Remember, we’re splitting molecules, so it’s a pretty big deal. The power keeps the ion flow going, driving the split OH- ions across the electrolyzer cell and pushing the hydrogen and oxygen out of it. If the power stops, the ion flow stops and the hydrogen and oxygen that’s hanging out, not going anywhere, can form bubbles. Bubbles are bad because they can block the current flow once the power comes back on and that can cause problems in that the increased power resistance or current density can degrade the catalysts. But even worse than that is that the bubbly mixture of hydrogen and oxygen can get explosive. Electrolyzers have built-in safety systems to prevent such explosions, which means they shut down when such conditions are detected. But production shutdowns are never good news.
Given the risks, stabilizing power delivery from the renewable sources is an absolute must if alkaline electrolyzers are to succeed at green hydrogen production and that’s where precision control comes in to play. Fortunately, there’s a solution for that: put all the renewables on a microgrid and have a precision microgrid controller handle the power flow.

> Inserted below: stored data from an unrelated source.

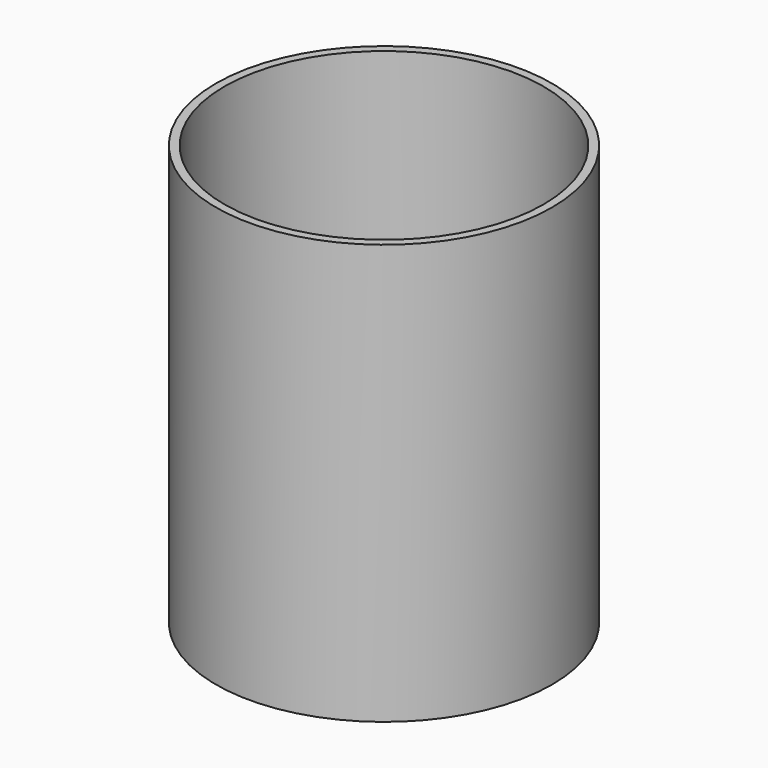
from build123d import *

# Parameters (mm, degrees)
F0_R     = 50.8
F1_DEPTH = 63.5
F2_T     = -2.54


# Not quite as in the source:
# - the program builds the solid bodies; features that only make, move or delete a surface that nothing else refers to are left out


with BuildPart() as f1:
    # F0 (on Top) → F1 (new body, symmetric)
    with BuildSketch(Plane.XY):
        Circle(F0_R)
    extrude(amount=F1_DEPTH, both=True)

    # F2
    f2_openings = [f1.faces().sort_by_distance(p)[0] for p in [
        (0, 0, 63.5),
    ]]
    offset(amount=F2_T, openings=f2_openings)


solid = f1.part

Setting up a hydrogen production facility microgrid
Oil and gas companies are typically the entities who have taken charge of building these kinds of facilities. By their nature, they haven’t had to think too hard on how to power their processes and they haven’t had need for microgrids. But once fossil fuels are taken out of the mix, the formula for creating a stable power supply changes from a singular power source with a backup generator to multiple renewable power sources with a backup battery. And for that configuration, you need a microgrid.
People think of microgrids in terms of backup power for when the main grid goes down, which isn’t wrong, but a microgrid is also just a mini grid that has all its power sources and batteries coordinated to provide a stable, steady source of power. In the case of green hydrogen, the microgrid doesn’t have to be grid-connected since it would source all its power from the renewables. Coordination is key and that’s what the precision microgrid controller is for. The controller’s job in this case is to:
- Ingest weather forecasts to predict generation capacity
- Track and manage renewable generation production in real time
- Manage the battery storage to charge/discharge appropriately to smooth out any renewable intermittency
- Guarantee delivery of a set amount of power to the electrolyzer for stable continuous production
- Manage power at the point-of-interconnection (if grid-connected) for power import/export as appropriate
This is the model that is being implemented in Western Australia for the Yuri Renewable Hydrogen to Ammonia Project.
Yuri: one of the world’s first industrial-scale renewable hydrogen projects
Scheduled for completion in 2024, the Yuri facility includes an 18-megawatt solar power plant, 8-megawatt battery energy storage system (BESS), and 10-megawatt electrolyzer which will produce up to 640 tons of green hydrogen per year. Notably, the Yuri project will use an alkaline electrolyzer, which as mentioned earlier, will require precise power flow to ensure consistent hydrogen production. PXiSE Energy Solutions is providing its Microgrid Controller, which relies on a predictive analytics engine to forecast and dispatch the solar and battery assets and independently controls real and reactive power in real time to ensure a stable power flow to the electrolyzer. Proven in other multi-renewable asset configurations, PXiSE is confident its high-speed, precision controls are up to the exacting task of hydrogen production.
As one of the world’s first industrial-scale renewable hydrogen projects, the world’s eyes are on Yuri to forge the path ahead for green hydrogen production.